Went ahead and mounted the tool box in the boat not sure I like the way it looks but it is sturdy enough to use as a rear deck and gives me needed storage and a dry place to put all my electrical switches and stuff not to mention a nice bench seat.


----------



## Charlie157 (Jun 22, 2012)

Looking good! I'd keep the front deck as low as possible.


----------



## jerry russell (Jun 22, 2012)

That is a great boat to start with. I like that tool box idea.


----------



## ihuntcatahoula (Jun 22, 2012)

Yeah I just got the aluminum cut for the deck I am going with a flush deck and prob a small rail to go over the lights to keep the line from tangling up In them.


----------



## ihuntcatahoula (Jun 22, 2012)

Got the front deck done used channel and a 2x4 to make it sturdy and flush. Need to take it apart and grind and paint the channel but this is how it will look.











here is a picture showing the room I left behind the tool box for the gas and battery


----------



## UpSouth811 (Jun 22, 2012)

looking good...just finished a new boat myself


----------



## BigSwole (Jun 22, 2012)

Nice. I like it. Look into some padding to set on the deck. My legs and knees get really sore after all night long


----------



## ihuntcatahoula (Jun 22, 2012)

ok I didn't like the way the tool box was sitting so I decided to cut it some more to get it to fit lower in the boat. I had to relocate the pistons in it because the part I removed had the original mount for the piston. the first picture shows where I was going to cut it the following shows the fit after the cut. 











I needed to coat the new deck with something and while I was walking through Lowe's I found this....

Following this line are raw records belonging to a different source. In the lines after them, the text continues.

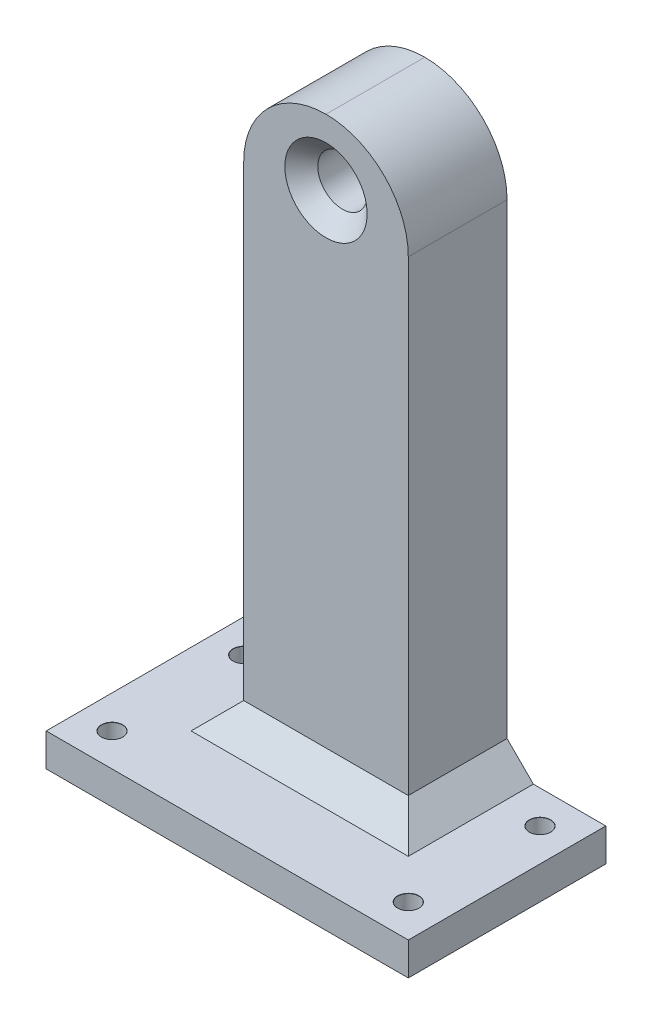
ISO-10303-21;
HEADER;
FILE_DESCRIPTION(('STEP AP214'),'2;1');
FILE_NAME('part.step','',(''),(''),'','','');
FILE_SCHEMA(('AUTOMOTIVE_DESIGN { 1 0 10303 214 1 1 1 1 }'));
ENDSEC;
DATA;
#1=APPLICATION_CONTEXT('core data for automotive mechanical design processes');
#2=APPLICATION_PROTOCOL_DEFINITION('international standard','automotive_design',2000,#1);
#3=PRODUCT_CONTEXT('',#1,'mechanical');
#4=PRODUCT('Part','Part','',(#3));
#5=PRODUCT_RELATED_PRODUCT_CATEGORY('part','',(#4));
#6=PRODUCT_DEFINITION_FORMATION('','',#4);
#7=PRODUCT_DEFINITION_CONTEXT('part definition',#1,'design');
#8=PRODUCT_DEFINITION('design','',#6,#7);
#9=PRODUCT_DEFINITION_SHAPE('','',#8);
#10=(LENGTH_UNIT() NAMED_UNIT(*) SI_UNIT(.MILLI.,.METRE.));
#11=(NAMED_UNIT(*) PLANE_ANGLE_UNIT() SI_UNIT($,.RADIAN.));
#12=(NAMED_UNIT(*) SI_UNIT($,.STERADIAN.) SOLID_ANGLE_UNIT());
#13=UNCERTAINTY_MEASURE_WITH_UNIT(LENGTH_MEASURE(1.E-05),#10,'distance_accuracy_value','');
#14=(GEOMETRIC_REPRESENTATION_CONTEXT(3) GLOBAL_UNCERTAINTY_ASSIGNED_CONTEXT((#13)) GLOBAL_UNIT_ASSIGNED_CONTEXT((#10,
#11,#12)) REPRESENTATION_CONTEXT('',''));
#15=CARTESIAN_POINT('',(0.,0.,0.));
#16=DIRECTION('',(0.,0.,1.));
#17=DIRECTION('',(1.,0.,0.));
#18=AXIS2_PLACEMENT_3D('',#15,#16,#17);
#19=CARTESIAN_POINT('',(0.,0.,15.));
#20=DIRECTION('',(0.,0.,-1.));
#21=DIRECTION('',(-1.,0.,0.));
#22=AXIS2_PLACEMENT_3D('',#19,#20,#21);
#23=PLANE('',#22);
#24=CARTESIAN_POINT('',(0.,82.37,15.));
#25=DIRECTION('',(0.,0.,-1.));
#26=DIRECTION('',(-1.,0.,0.));
#27=AXIS2_PLACEMENT_3D('',#24,#25,#26);
#28=CIRCLE('',#27,6.25000000000002);
#29=CARTESIAN_POINT('',(-6.25000000000002,82.37,15.));
#30=VERTEX_POINT('',#29);
#31=EDGE_CURVE('E11',#30,#30,#28,.T.);
#32=ORIENTED_EDGE('',*,*,#31,.T.);
#33=EDGE_LOOP('',(#32));
#34=FACE_BOUND('',#33,.T.);
#35=DIRECTION('',(0.,1.,0.));
#36=VECTOR('',#35,1.);
#37=CARTESIAN_POINT('',(12.5,92.37,15.));
#38=LINE('',#37,#36);
#39=CARTESIAN_POINT('',(12.5,9.00000000000004,15.));
#40=VERTEX_POINT('',#39);
#41=CARTESIAN_POINT('',(12.5,79.87,15.));
#42=VERTEX_POINT('',#41);
#43=EDGE_CURVE('E173',#40,#42,#38,.T.);
#44=ORIENTED_EDGE('',*,*,#43,.T.);
#45=CARTESIAN_POINT('',(0.,79.87,15.));
#46=DIRECTION('',(0.,0.,-1.));
#47=DIRECTION('',(-1.,0.,0.));
#48=AXIS2_PLACEMENT_3D('',#45,#46,#47);
#49=CIRCLE('',#48,12.5);
#50=CARTESIAN_POINT('',(0.,92.37,15.));
#51=VERTEX_POINT('',#50);
#52=EDGE_CURVE('E57',#42,#51,#49,.F.);
#53=ORIENTED_EDGE('',*,*,#52,.T.);
#54=CARTESIAN_POINT('',(0.,79.87,15.));
#55=DIRECTION('',(0.,0.,-1.));
#56=DIRECTION('',(-1.,0.,0.));
#57=AXIS2_PLACEMENT_3D('',#54,#55,#56);
#58=CIRCLE('',#57,12.5);
#59=CARTESIAN_POINT('',(-12.5,79.87,15.));
#60=VERTEX_POINT('',#59);
#61=EDGE_CURVE('E61',#51,#60,#58,.F.);
#62=ORIENTED_EDGE('',*,*,#61,.T.);
#63=DIRECTION('',(0.,-1.,0.));
#64=VECTOR('',#63,1.);
#65=CARTESIAN_POINT('',(-12.5,0.,15.));
#66=LINE('',#65,#64);
#67=CARTESIAN_POINT('',(-12.5,9.00000000000004,15.));
#68=VERTEX_POINT('',#67);
#69=EDGE_CURVE('E175',#60,#68,#66,.T.);
#70=ORIENTED_EDGE('',*,*,#69,.T.);
#71=DIRECTION('',(1.,0.,0.));
#72=VECTOR('',#71,1.);
#73=CARTESIAN_POINT('',(0.,9.00000000000003,15.));
#74=LINE('',#73,#72);
#75=EDGE_CURVE('E194',#68,#40,#74,.T.);
#76=ORIENTED_EDGE('',*,*,#75,.T.);
#77=EDGE_LOOP('',(#44,#53,#62,#70,#76));
#78=FACE_BOUND('',#77,.T.);
#79=ADVANCED_FACE('F41',(#34,#78),#23,.F.);
#80=CARTESIAN_POINT('',(0.,0.,0.));
#81=DIRECTION('',(0.,0.,-1.));
#82=DIRECTION('',(-1.,0.,0.));
#83=AXIS2_PLACEMENT_3D('',#80,#81,#82);
#84=PLANE('',#83);
#85=CARTESIAN_POINT('',(0.,79.87,0.));
#86=DIRECTION('',(0.,0.,-1.));
#87=DIRECTION('',(-1.,0.,0.));
#88=AXIS2_PLACEMENT_3D('',#85,#86,#87);
#89=CIRCLE('',#88,12.5);
#90=CARTESIAN_POINT('',(-12.5,79.87,0.));
#91=VERTEX_POINT('',#90);
#92=CARTESIAN_POINT('',(0.,92.37,0.));
#93=VERTEX_POINT('',#92);
#94=EDGE_CURVE('E201',#91,#93,#89,.T.);
#95=ORIENTED_EDGE('',*,*,#94,.T.);
#96=CARTESIAN_POINT('',(0.,79.87,0.));
#97=DIRECTION('',(0.,0.,-1.));
#98=DIRECTION('',(-1.,0.,0.));
#99=AXIS2_PLACEMENT_3D('',#96,#97,#98);
#100=CIRCLE('',#99,12.5);
#101=CARTESIAN_POINT('',(12.5,79.87,0.));
#102=VERTEX_POINT('',#101);
#103=EDGE_CURVE('E211',#93,#102,#100,.T.);
#104=ORIENTED_EDGE('',*,*,#103,.T.);
#105=DIRECTION('',(0.,1.,0.));
#106=VECTOR('',#105,1.);
#107=CARTESIAN_POINT('',(12.5,92.37,0.));
#108=LINE('',#107,#106);
#109=CARTESIAN_POINT('',(12.5,9.00000000000002,0.));
#110=VERTEX_POINT('',#109);
#111=EDGE_CURVE('E172',#110,#102,#108,.T.);
#112=ORIENTED_EDGE('',*,*,#111,.F.);
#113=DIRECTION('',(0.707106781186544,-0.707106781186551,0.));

We will see how it holds up. Here are a few more pictures


----------



## brandonsc (Jun 22, 2012)

i like how your modifying the boat with a few rod holders you can still go fishing


----------



## ihuntcatahoula (Jun 23, 2012)

You could but I actually have a bass boat to fish from it is way more comfortable than this boat.


----------



## bullardsls1 (Jun 24, 2012)

i have a tool box in my boat i use it to step up on the elevated deck and a bow box nice looking build lets c some leds on this thing


----------



## ihuntcatahoula (Jun 24, 2012)

I want to see them on it too but I have to hold off I promised my boys a pool and that is the priority now. it will prob be a moth or so before the LEDs are ordered. I am struggling with a rail at the moment. I want one that will go just above the lights to keep the line from getting tangled in them. thinking about conduit at the moment but have thought about chain Linc top rail. My problem is how do I attach the galvanised rail to the aluminum boat.


----------



## ihuntcatahoula (Jun 24, 2012)

Brother inlaw donated a permanent on loan  motor...... 18hp evinrude


----------



## WELLS8230 (Jun 25, 2012)

tool box will bend if you sit or stand on it


----------



## ihuntcatahoula (Jun 25, 2012)

WELLS8230 said:


> tool box will bend if you sit or stand on it



Is this an observation or from personal experience. I have stood on many tool boxes and sat on even more and haven't ever had a problem. I jumped on this one and it seems to be very sturdy. This one actually has reinforcement under the lid. But either way if it ends up bending then I will just remove it and build something else to accomadate my needs


----------



## bullardsls1 (Jun 25, 2012)

mine has held up lots of weight we have shot some fish off of it. dont think that toolbox will have any probems


----------



## ihuntcatahoula (Jun 29, 2012)

Got my knee rails done today. Went with 12" ones I figured if I  ever wanted to put some big lights on this boat that would give me plenty of room. I went and seen a old friend at a muffler shop and got him or rather his helper to bend me some rails out of 1.5" exhaust tubing. I then attached a piece of galvanized angle to the boat and welded the pipe to it. I still need to put at least 1 brace on each side but I am going to wait till I get my lights mounted.. Hopefully going to order some of my lights next week.


----------



## bullardsls1 (Jun 30, 2012)

looks good


----------



## drycreekboy (Jul 1, 2012)

Lookin good very nice build


----------



## ihuntcatahoula (Jul 3, 2012)

got the LED's on the way I ordered 10 -27 watters to start with will see how they work and possibly buy some of the newer 50's for the corners after they have been tested a little more. Chad with Customfitz Leds  said I should have them next week... now need batteries and troller shaft.


----------



## ihuntcatahoula (Jul 5, 2012)

Went ahead and welded up my troller mount today. Need a new shaft for this troller to make it long enough going to order it next week. I also welded some guides on the side of the trailer to help with loading the boat and backing the trailer when there is no boat on it. I am going to get some float noodles to slide over the tubing to use as bumpers.


----------



## ihuntcatahoula (Jul 24, 2012)

Made a bracket for my 3 watt led deck lights I put one on each side.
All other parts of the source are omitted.